La reunión con el Obispo fue muy bien. Le gustó el planteamiento y aceptó tanto dar luz al hospital desde la misión, como encargarse desde la diócesis de la importación de los materiales necesarios para la ejecución del proyecto. Respecto al segundo objetivo, fue incluso mejor de lo que esperaba. Mi visita coincidió con una reunión que había planificado la Misión con las madres representantes de las 135 comunidades a las que da servicio y me permitieron acudir. de las 135 comunidades sólo había representantes de 33, pero teniendo en cuenta que muchas comunidades están muy alejadas de la Misión (las más lejanas a unos 55 KM) y que tienen que llegar caminando por caminos de difícil acceso, 33 madres no estaba tan mal. 

La reunión con las madres fue más positiva de lo que inicialmente había pensado. Me comentaron sus principales problemas y, la verdad, son problemas que se ven a simple vista.

El principal problema que tiene es el acceso al agua. Mozambique tiene un clima tropical, con cinco meses de temporada de lluvias (de diciembre a abril) y siete meses de sequía (de mayo a noviembre) y la falta de inversión pública e infraestructuras provoca que el agua de la lluvia no se conserve y se pierda. La población obtiene el agua de donde pueden. Si tienen suerte, acuden a las fuentes, muchas de ellas muy alejadas de las comunidades y no siempre funcionan (no hay mantenimiento y si algo se estropea, sencillamente se abandona). Las comunidades que no disponen de una fuente cerca, obtienen el agua de donde puedes (de los ríos, las charcas, construyen pozos de forma artesanal sin realmente saber si debajo hay agua, etc.). 

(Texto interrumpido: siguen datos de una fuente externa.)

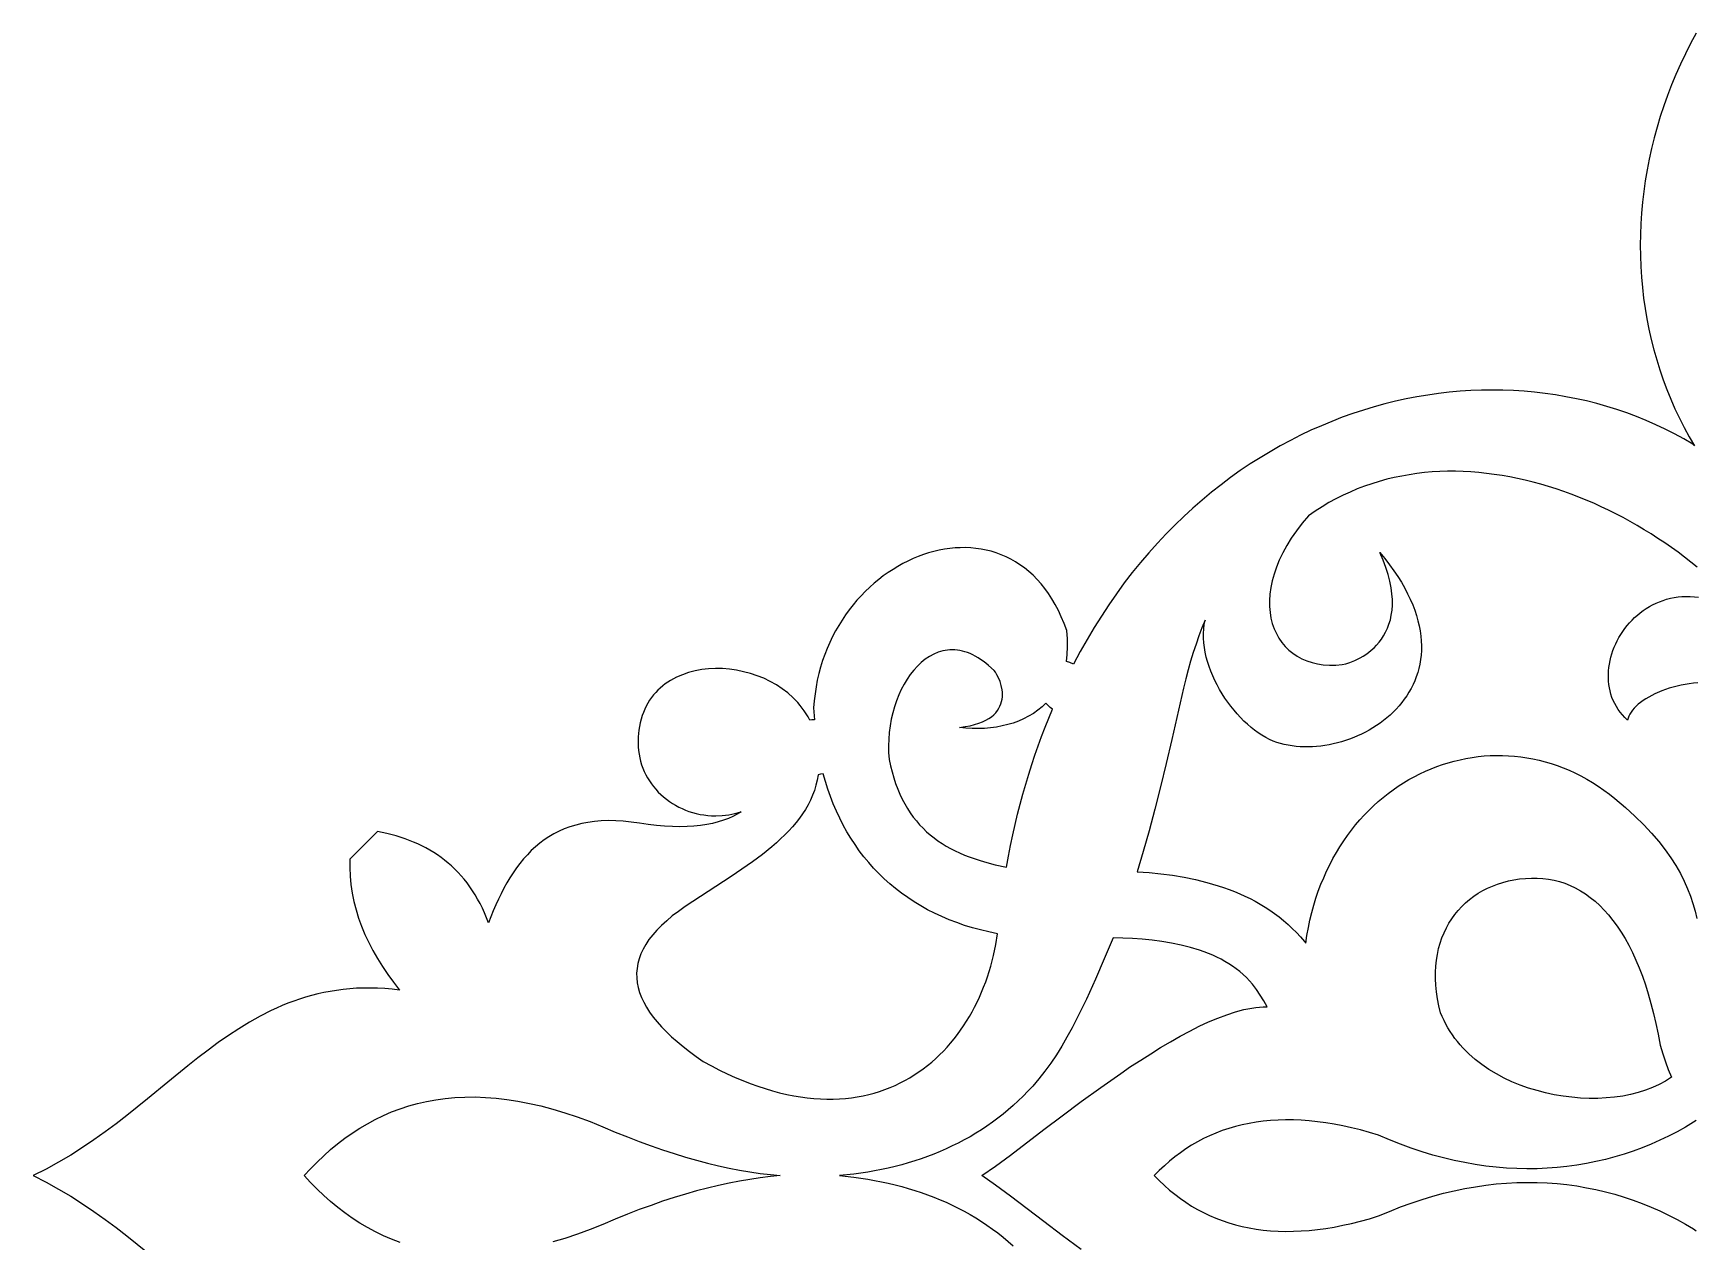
# Model space of a CAD drawing. Extents: x -212 to 212, y -212 to 212.
# Drawn here: x -212.2 to -64.7, y -5.8 to 101.4 of the extents above; entities that cross this region are included whole.
import ezdxf

# ---------------------------------------------------------------- set-up
doc = ezdxf.new("R2010")
doc.units = 0
doc.layers.add('PLAN_1', color=18, linetype='CONTINUOUS')

msp = doc.modelspace()

# ---------------------------------------------------------------- linework, layer by layer
at = {"layer": 'PLAN_1'}
for points in [[(-64.68, 101.44), (-65.17, 100.54), (-65.63, 99.63), (-66.06, 98.71), (-66.47, 97.79), (-66.86, 96.86), (-67.22, 95.93), (-67.55, 94.99), (-67.86, 94.05), (-68.15, 93.11), (-68.41, 92.16), (-68.64, 91.21), (-68.85, 90.26), (-69.04, 89.31), (-69.2, 88.35), (-69.33, 87.4), (-69.44, 86.44), (-69.53, 85.49), (-69.59, 84.54), (-69.63, 83.58), (-69.64, 82.63), (-69.63, 81.69), (-69.6, 80.74), (-69.54, 79.8), (-69.45, 78.87), (-69.34, 77.94), (-69.21, 77.01), (-69.05, 76.09), (-68.87, 75.17), (-68.67, 74.26), (-68.44, 73.36), (-68.18, 72.47), (-67.91, 71.58), (-67.61, 70.7), (-67.28, 69.83), (-66.93, 68.97), (-66.56, 68.12), (-66.16, 67.28), (-65.74, 66.46), (-65.3, 65.64), (-64.83, 64.83), (-64.98, 64.98), (-65.78, 65.44), (-66.6, 65.89), (-67.43, 66.31), (-68.26, 66.7), (-69.11, 67.07), (-69.97, 67.42), (-70.84, 67.75), (-71.72, 68.05), (-72.61, 68.33), (-73.5, 68.58), (-74.4, 68.81), (-75.31, 69.01), (-76.23, 69.19), (-77.15, 69.35), (-78.08, 69.48), (-79.01, 69.59), (-79.94, 69.68), (-80.88, 69.74), (-81.83, 69.77), (-82.78, 69.78), (-83.72, 69.77), (-84.68, 69.73), (-85.63, 69.67), (-86.58, 69.59), (-87.54, 69.47), (-88.49, 69.34), (-89.45, 69.18), (-90.4, 68.99), (-91.35, 68.78), (-92.3, 68.55), (-93.25, 68.29), (-94.19, 68), (-95.13, 67.69), (-96.07, 67.36), (-97, 67), (-97.93, 66.62), (-98.85, 66.21), (-99.77, 65.77), (-100.68, 65.31), (-101.58, 64.82), (-102.48, 64.31), (-103.37, 63.78), (-104.25, 63.22), (-105.12, 62.63), (-105.98, 62.02), (-106.83, 61.38), (-107.67, 60.71), (-108.5, 60.02), (-109.32, 59.31), (-110.13, 58.57), (-110.92, 57.8), (-111.71, 57.01), (-112.47, 56.19), (-113.23, 55.35), (-113.97, 54.48), (-114.7, 53.58), (-115.41, 52.66), (-116.1, 51.71), (-116.78, 50.73), (-117.44, 49.73), (-118.09, 48.71), (-118.71, 47.65), (-119.32, 46.57), (-119.91, 45.47), (-120.23, 45.6), (-120.55, 45.69), (-120.47, 46.32), (-120.44, 47), (-120.46, 47.7), (-120.52, 48.44), (-120.75, 49.06), (-121, 49.65), (-121.26, 50.21), (-121.54, 50.74), (-121.83, 51.25), (-122.14, 51.72), (-122.46, 52.17), (-122.8, 52.59), (-123.15, 52.98), (-123.51, 53.34), (-123.89, 53.68), (-124.27, 54), (-124.67, 54.28), (-125.07, 54.54), (-125.48, 54.78), (-125.9, 54.99), (-126.33, 55.17), (-126.77, 55.33), (-127.21, 55.47), (-127.66, 55.58), (-128.11, 55.67), (-128.57, 55.73), (-129.03, 55.78), (-129.49, 55.8), (-129.96, 55.79), (-130.43, 55.77), (-130.9, 55.72), (-131.37, 55.65), (-131.84, 55.57), (-132.3, 55.46), (-132.77, 55.33), (-133.23, 55.18), (-133.7, 55.01), (-134.15, 54.82), (-134.61, 54.61), (-135.05, 54.38), (-135.5, 54.13), (-135.93, 53.87), (-136.36, 53.58), (-136.79, 53.28), (-137.2, 52.97), (-137.61, 52.63), (-138, 52.28), (-138.39, 51.91), (-138.76, 51.53), (-139.13, 51.13), (-139.48, 50.71), (-139.82, 50.28), (-140.14, 49.83), (-140.45, 49.37), (-140.75, 48.9), (-141.03, 48.41), (-141.3, 47.91), (-141.55, 47.39), (-141.78, 46.86), (-141.99, 46.32), (-142.18, 45.77), (-142.36, 45.2), (-142.51, 44.62), (-142.65, 44.03), (-142.76, 43.43), (-142.85, 42.82), (-142.92, 42.2), (-142.97, 41.57), (-142.91, 40.51), (-143.12, 40.52), (-143.32, 40.5), (-143.47, 40.78), (-143.63, 41.05), (-143.8, 41.31), (-143.98, 41.56), (-144.17, 41.8), (-144.37, 42.04), (-144.58, 42.27), (-144.8, 42.48), (-145.26, 42.9), (-145.76, 43.27), (-146.28, 43.62), (-146.83, 43.92), (-147.4, 44.2), (-147.98, 44.43), (-148.58, 44.63), (-149.19, 44.79), (-149.81, 44.92), (-150.43, 45.01), (-151.05, 45.06), (-151.67, 45.07), (-152.29, 45.04), (-152.89, 44.97), (-153.48, 44.86), (-154.06, 44.71), (-154.62, 44.52), (-155.15, 44.29), (-155.41, 44.16), (-155.66, 44.01), (-155.9, 43.86), (-156.13, 43.7), (-156.36, 43.52), (-156.58, 43.34), (-156.79, 43.14), (-156.98, 42.94), (-157.17, 42.72), (-157.35, 42.49), (-157.52, 42.25), (-157.68, 42), (-157.82, 41.74), (-157.96, 41.47), (-158.08, 41.18), (-158.18, 40.89), (-158.28, 40.58), (-158.36, 40.26), (-158.43, 39.93), (-158.48, 39.59), (-158.51, 39.29), (-158.53, 39), (-158.54, 38.45), (-158.53, 38.12), (-158.5, 37.79), (-158.46, 37.47), (-158.4, 37.15), (-158.32, 36.84), (-158.23, 36.53), (-158.12, 36.23), (-158, 35.94), (-157.86, 35.65), (-157.71, 35.38), (-157.54, 35.11), (-157.36, 34.84), (-157.17, 34.59), (-156.97, 34.35), (-156.75, 34.11), (-156.52, 33.89), (-156.28, 33.68), (-156.03, 33.47), (-155.77, 33.28), (-155.5, 33.1), (-155.23, 32.93), (-154.94, 32.78), (-154.64, 32.64), (-154.34, 32.51), (-154.03, 32.39), (-153.71, 32.29), (-153.38, 32.2), (-153.05, 32.13), (-152.71, 32.08), (-152.37, 32.03), (-152.02, 32.01), (-151.66, 32), (-151.08, 32.02), (-150.51, 32.09), (-149.95, 32.2), (-149.41, 32.36), (-149.76, 32.14), (-150.14, 31.95), (-150.54, 31.77), (-150.98, 31.6), (-151.44, 31.46), (-151.94, 31.33), (-152.46, 31.23), (-153.01, 31.15), (-153.59, 31.08), (-154.2, 31.05), (-154.83, 31.03), (-155.5, 31.04), (-156.19, 31.08), (-156.91, 31.14), (-157.65, 31.23), (-158.43, 31.35), (-159.15, 31.45), (-159.86, 31.52), (-160.53, 31.56), (-161.18, 31.57), (-161.81, 31.54), (-162.41, 31.49), (-162.99, 31.42), (-163.55, 31.31), (-164.08, 31.18), (-164.6, 31.02), (-165.09, 30.83), (-165.56, 30.63), (-166.02, 30.39), (-166.45, 30.14), (-166.87, 29.86), (-167.27, 29.56), (-167.65, 29.24), (-168.02, 28.91), (-168.37, 28.55), (-168.71, 28.17), (-169.03, 27.78), (-169.34, 27.37), (-169.64, 26.94), (-169.92, 26.5), (-170.19, 26.04), (-170.45, 25.57), (-170.7, 25.09), (-170.94, 24.6), (-171.17, 24.09), (-171.39, 23.57), (-171.81, 22.51), (-171.99, 22.96), (-172.17, 23.39), (-172.36, 23.81), (-172.57, 24.22), (-172.78, 24.61), (-173, 24.99), (-173.23, 25.35), (-173.47, 25.71), (-173.72, 26.04), (-173.98, 26.37), (-174.24, 26.68), (-174.52, 26.98), (-174.8, 27.27), (-175.1, 27.55), (-175.4, 27.81), (-175.71, 28.06), (-176.02, 28.3), (-176.35, 28.53), (-176.68, 28.75), (-177.02, 28.95), (-177.37, 29.15), (-177.73, 29.33), (-178.09, 29.5), (-178.46, 29.66), (-179.22, 29.96), (-180.01, 30.21), (-180.83, 30.43), (-181.67, 30.6), (-184.11, 28.16), (-184.12, 27.4), (-184.09, 26.64), (-184.02, 25.89), (-183.91, 25.14), (-183.76, 24.4), (-183.57, 23.66), (-183.34, 22.92), (-183.08, 22.2), (-182.78, 21.47), (-182.44, 20.75), (-182.07, 20.04), (-181.67, 19.33), (-181.22, 18.63), (-180.75, 17.93), (-180.24, 17.23), (-179.7, 16.54), (-180.37, 16.61), (-181.02, 16.67), (-181.66, 16.7), (-182.3, 16.71), (-182.92, 16.71), (-183.53, 16.69), (-184.12, 16.65), (-184.71, 16.59), (-185.29, 16.51), (-185.86, 16.42), (-186.42, 16.31), (-186.97, 16.19), (-187.52, 16.05), (-188.05, 15.9), (-188.58, 15.73), (-189.1, 15.55), (-189.61, 15.36), (-190.12, 15.16), (-190.62, 14.94), (-191.11, 14.71), (-192.08, 14.22), (-193.03, 13.68), (-193.96, 13.11), (-194.88, 12.51), (-195.79, 11.87), (-196.69, 11.21), (-197.59, 10.53), (-198.48, 9.82), (-200.26, 8.37), (-202.07, 6.89), (-203.91, 5.41), (-204.86, 4.68), (-205.83, 3.96), (-206.82, 3.25), (-207.84, 2.57), (-208.88, 1.9), (-209.95, 1.26), (-211.06, 0.65), (-212.2, 0.07), (-212.2, 0.07), (-212.2, 0.07), (-211.06, -0.51), (-209.95, -1.12), (-208.88, -1.76), (-207.84, -2.42), (-206.82, -3.11), (-205.83, -3.82), (-204.86, -4.54), (-203.91, -5.27), (-202.06, -6.75)], [(-64.59, 54.07), (-65.15, 54.52), (-65.71, 54.96), (-66.29, 55.39), (-66.87, 55.81), (-67.47, 56.22), (-68.07, 56.62), (-68.67, 57.01), (-69.29, 57.39), (-69.91, 57.76), (-70.54, 58.11), (-71.17, 58.46), (-71.81, 58.8), (-72.46, 59.12), (-73.11, 59.43), (-73.77, 59.73), (-74.43, 60.01), (-75.09, 60.28), (-75.76, 60.54), (-76.43, 60.78), (-77.11, 61.01), (-77.79, 61.23), (-78.47, 61.43), (-79.15, 61.61), (-79.84, 61.78), (-80.53, 61.94), (-81.21, 62.07), (-81.9, 62.2), (-82.59, 62.3), (-83.28, 62.39), (-83.97, 62.46), (-84.66, 62.51), (-85.35, 62.55), (-86.04, 62.57), (-86.73, 62.57), (-87.41, 62.55), (-88.1, 62.51), (-88.78, 62.45), (-89.46, 62.37), (-90.13, 62.27), (-90.8, 62.15), (-91.47, 62.02), (-92.13, 61.86), (-92.79, 61.67), (-93.45, 61.47), (-94.1, 61.25), (-94.74, 61), (-95.38, 60.73), (-96.01, 60.44), (-96.64, 60.13), (-97.26, 59.79), (-97.87, 59.43), (-98.48, 59.04), (-99.08, 58.63), (-99.63, 57.96), (-100.14, 57.3), (-100.6, 56.64), (-101, 55.98), (-101.35, 55.33), (-101.66, 54.69), (-101.92, 54.06), (-102.13, 53.44), (-102.29, 52.84), (-102.42, 52.25), (-102.49, 51.67), (-102.53, 51.11), (-102.52, 50.56), (-102.48, 50.04), (-102.4, 49.54), (-102.28, 49.06), (-102.12, 48.6), (-101.92, 48.17), (-101.7, 47.76), (-101.43, 47.38), (-101.14, 47.03), (-100.81, 46.71), (-100.46, 46.42), (-100.08, 46.16), (-99.66, 45.93), (-99.22, 45.75), (-98.76, 45.6), (-98.27, 45.48), (-97.76, 45.41), (-97.22, 45.38), (-96.66, 45.38), (-96.08, 45.44), (-95.77, 45.5), (-95.39, 45.61), (-94.95, 45.79), (-94.48, 46.02), (-94.23, 46.16), (-93.99, 46.32), (-93.74, 46.5), (-93.5, 46.7), (-93.26, 46.92), (-93.03, 47.15), (-92.81, 47.41), (-92.6, 47.68), (-92.41, 47.98), (-92.23, 48.3), (-92.07, 48.64), (-91.93, 49.01), (-91.81, 49.39), (-91.73, 49.8), (-91.66, 50.24), (-91.63, 50.7), (-91.63, 51.19), (-91.67, 51.7), (-91.74, 52.24), (-91.85, 52.81), (-92, 53.4), (-92.2, 54.02), (-92.44, 54.68), (-92.73, 55.36), (-92.29, 54.82), (-91.88, 54.28), (-91.5, 53.75), (-91.15, 53.23), (-90.83, 52.72), (-90.54, 52.21), (-90.28, 51.71), (-90.04, 51.21), (-89.83, 50.72), (-89.65, 50.24), (-89.49, 49.77), (-89.36, 49.31), (-89.25, 48.85), (-89.17, 48.4), (-89.11, 47.95), (-89.07, 47.52), (-89.05, 47.09), (-89.06, 46.67), (-89.08, 46.26), (-89.13, 45.86), (-89.2, 45.47), (-89.28, 45.08), (-89.38, 44.71), (-89.51, 44.34), (-89.64, 43.98), (-89.8, 43.64), (-89.97, 43.3), (-90.16, 42.97), (-90.36, 42.65), (-90.57, 42.34), (-90.8, 42.04), (-91.04, 41.75), (-91.29, 41.47), (-91.56, 41.2), (-91.83, 40.94), (-92.12, 40.69), (-92.42, 40.45), (-92.72, 40.22), (-93.03, 40.01), (-93.36, 39.8), (-93.69, 39.61), (-94.02, 39.42), (-94.36, 39.25), (-94.71, 39.09), (-95.06, 38.94), (-95.42, 38.81), (-95.78, 38.68), (-96.15, 38.57), (-96.51, 38.47), (-96.88, 38.38), (-97.25, 38.3), (-97.62, 38.24), (-97.99, 38.19), (-98.36, 38.15), (-98.73, 38.13), (-99.09, 38.12), (-99.46, 38.12), (-99.82, 38.13), (-100.17, 38.16), (-100.53, 38.2), (-100.87, 38.26), (-101.22, 38.33), (-101.55, 38.41), (-101.88, 38.51), (-102.21, 38.63), (-102.54, 38.78), (-102.87, 38.95), (-103.2, 39.15), (-103.53, 39.36), (-103.85, 39.6), (-104.17, 39.85), (-104.49, 40.12), (-104.8, 40.41), (-105.1, 40.72), (-105.4, 41.04), (-105.68, 41.38), (-105.96, 41.72), (-106.23, 42.08), (-106.49, 42.45), (-106.73, 42.83), (-106.96, 43.22), (-107.18, 43.62), (-107.38, 44.02), (-107.57, 44.43), (-107.74, 44.84), (-107.89, 45.26), (-108.02, 45.68), (-108.14, 46.09), (-108.23, 46.51), (-108.3, 46.93), (-108.36, 47.35), (-108.38, 47.76), (-108.39, 48.17), (-108.36, 48.58), (-108.32, 48.98), (-108.24, 49.37), (-108.52, 48.68), (-108.79, 47.97), (-109.05, 47.24), (-109.3, 46.49), (-109.53, 45.73), (-109.75, 44.95), (-109.96, 44.15), (-110.15, 43.33), (-111.2, 38.78), (-111.7, 36.64), (-112.2, 34.57), (-112.71, 32.58), (-113.22, 30.66), (-113.73, 28.82), (-114.27, 27.04), (-113.22, 26.96), (-112.18, 26.86), (-111.14, 26.72), (-110.11, 26.55), (-109.09, 26.34), (-108.08, 26.09), (-107.09, 25.8), (-106.6, 25.64), (-106.12, 25.47), (-105.65, 25.28), (-105.17, 25.08), (-104.71, 24.87), (-104.25, 24.65), (-103.8, 24.42), (-103.36, 24.17), (-102.93, 23.9), (-102.5, 23.62), (-102.09, 23.33), (-101.68, 23.02), (-101.28, 22.7), (-100.89, 22.36), (-100.51, 22.01), (-100.14, 21.64), (-99.79, 21.25), (-99.44, 20.85), (-99.31, 20.69), (-99.21, 21.39), (-99.08, 22.08), (-98.94, 22.75), (-98.78, 23.41), (-98.6, 24.06), (-98.41, 24.7), (-98.2, 25.32), (-97.97, 25.92), (-97.72, 26.51), (-97.47, 27.09), (-97.19, 27.66), (-96.9, 28.21), (-96.6, 28.74), (-96.28, 29.26), (-95.95, 29.77), (-95.61, 30.26), (-95.26, 30.73), (-94.89, 31.19), (-94.51, 31.64), (-94.12, 32.07), (-93.72, 32.48), (-93.31, 32.88), (-92.89, 33.26), (-92.46, 33.62), (-92.01, 33.97), (-91.57, 34.31), (-91.11, 34.62), (-90.64, 34.92), (-90.17, 35.21), (-89.69, 35.47), (-89.2, 35.72), (-88.7, 35.96), (-88.2, 36.17), (-87.7, 36.37), (-87.19, 36.55), (-86.67, 36.71), (-86.15, 36.86), (-85.62, 36.98), (-85.1, 37.09), (-84.56, 37.18), (-84.03, 37.25), (-83.49, 37.31), (-82.95, 37.34), (-82.41, 37.36), (-81.87, 37.35), (-81.33, 37.33), (-80.79, 37.29), (-80.24, 37.23), (-79.7, 37.15), (-79.16, 37.05), (-78.62, 36.93), (-78.08, 36.79), (-77.54, 36.63), (-77.01, 36.46), (-76.48, 36.26), (-75.95, 36.04), (-75.43, 35.8), (-74.91, 35.54), (-74.39, 35.25), (-73.88, 34.95), (-73.37, 34.63), (-72.87, 34.28), (-72.38, 33.92), (-71.89, 33.53), (-70.96, 32.73), (-70.11, 31.96), (-69.33, 31.19), (-68.63, 30.45), (-68, 29.71), (-67.43, 28.99), (-66.92, 28.28), (-66.48, 27.58), (-66.08, 26.89), (-65.74, 26.21), (-65.44, 25.53), (-65.18, 24.87), (-64.97, 24.21), (-64.78, 23.55), (-64.63, 22.9)], [(-64.53, 43.8), (-64.91, 43.77), (-65.29, 43.72), (-65.66, 43.66), (-66.02, 43.59), (-66.38, 43.51), (-67.08, 43.32), (-67.73, 43.09), (-68.34, 42.83), (-68.89, 42.54), (-69.15, 42.38), (-69.39, 42.23), (-69.61, 42.06), (-69.82, 41.9), (-70.01, 41.73), (-70.18, 41.55), (-70.33, 41.38), (-70.46, 41.2), (-70.57, 41.03), (-70.65, 40.85), (-70.72, 40.67), (-70.76, 40.5), (-71, 40.72), (-71.21, 40.95), (-71.41, 41.19), (-71.6, 41.44), (-71.76, 41.7), (-71.91, 41.96), (-72.04, 42.23), (-72.15, 42.51), (-72.24, 42.79), (-72.32, 43.08), (-72.38, 43.37), (-72.43, 43.66), (-72.46, 43.96), (-72.47, 44.26), (-72.47, 44.56), (-72.46, 44.87), (-72.42, 45.17), (-72.38, 45.47), (-72.32, 45.78), (-72.25, 46.08), (-72.16, 46.38), (-72.06, 46.67), (-71.94, 46.97), (-71.82, 47.26), (-71.68, 47.54), (-71.53, 47.82), (-71.36, 48.09), (-71.19, 48.36), (-71, 48.62), (-70.8, 48.88), (-70.59, 49.12), (-70.37, 49.36), (-70.14, 49.59), (-69.89, 49.81), (-69.64, 50.01), (-69.38, 50.21), (-69.11, 50.39), (-68.83, 50.56), (-68.54, 50.72), (-68.24, 50.87), (-67.94, 51), (-67.62, 51.11), (-67.3, 51.21), (-66.97, 51.3), (-66.63, 51.37), (-66.29, 51.42), (-65.94, 51.45), (-65.58, 51.46), (-65.21, 51.46), (-64.84, 51.43), (-64.47, 51.39)], [(-119.23, -6.5), (-120.91, -5.24), (-122.54, -4.01), (-125.52, -1.75), (-126.85, -0.77), (-128.04, 0.07), (-126.85, 0.92), (-125.52, 1.9), (-122.54, 4.16), (-120.92, 5.38), (-119.23, 6.64), (-117.49, 7.9), (-115.73, 9.14), (-114.85, 9.74), (-113.96, 10.32), (-113.07, 10.89), (-112.19, 11.44), (-111.32, 11.95), (-110.45, 12.45), (-109.6, 12.9), (-108.76, 13.33), (-107.93, 13.71), (-107.12, 14.05), (-106.33, 14.35), (-105.56, 14.6), (-104.82, 14.8), (-104.46, 14.88), (-104.1, 14.94), (-103.75, 14.99), (-103.41, 15.02), (-103.08, 15.04), (-102.75, 15.05), (-103.04, 15.58), (-103.35, 16.09), (-103.68, 16.59), (-104.04, 17.06), (-104.3, 17.36), (-104.58, 17.64), (-104.86, 17.92), (-105.16, 18.17), (-105.48, 18.42), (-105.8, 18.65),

El segundo problema que me contaron fue el del acceso a las escuelas. No me hablaron de la calidad de la enseñanza (posiblemente porque no tienen con qué comparar), tampoco de la deficiencia de las instalaciones, su pronlema era la distancia. Muchas comunidades se encuentran muy alejadas de las escuelas. Los niños se tiene que levantar de noche y caminar muchos kilómetros por caminos de difícil acceso sin más iluminación que la luna. La parte positiva (y desde mi punto de vista un gran avance) es que el hecho de mencionarme este problema en segunda posición después del agua, es que las madres ya ven la educación como algo necesario para el desarrollo de sus hijos.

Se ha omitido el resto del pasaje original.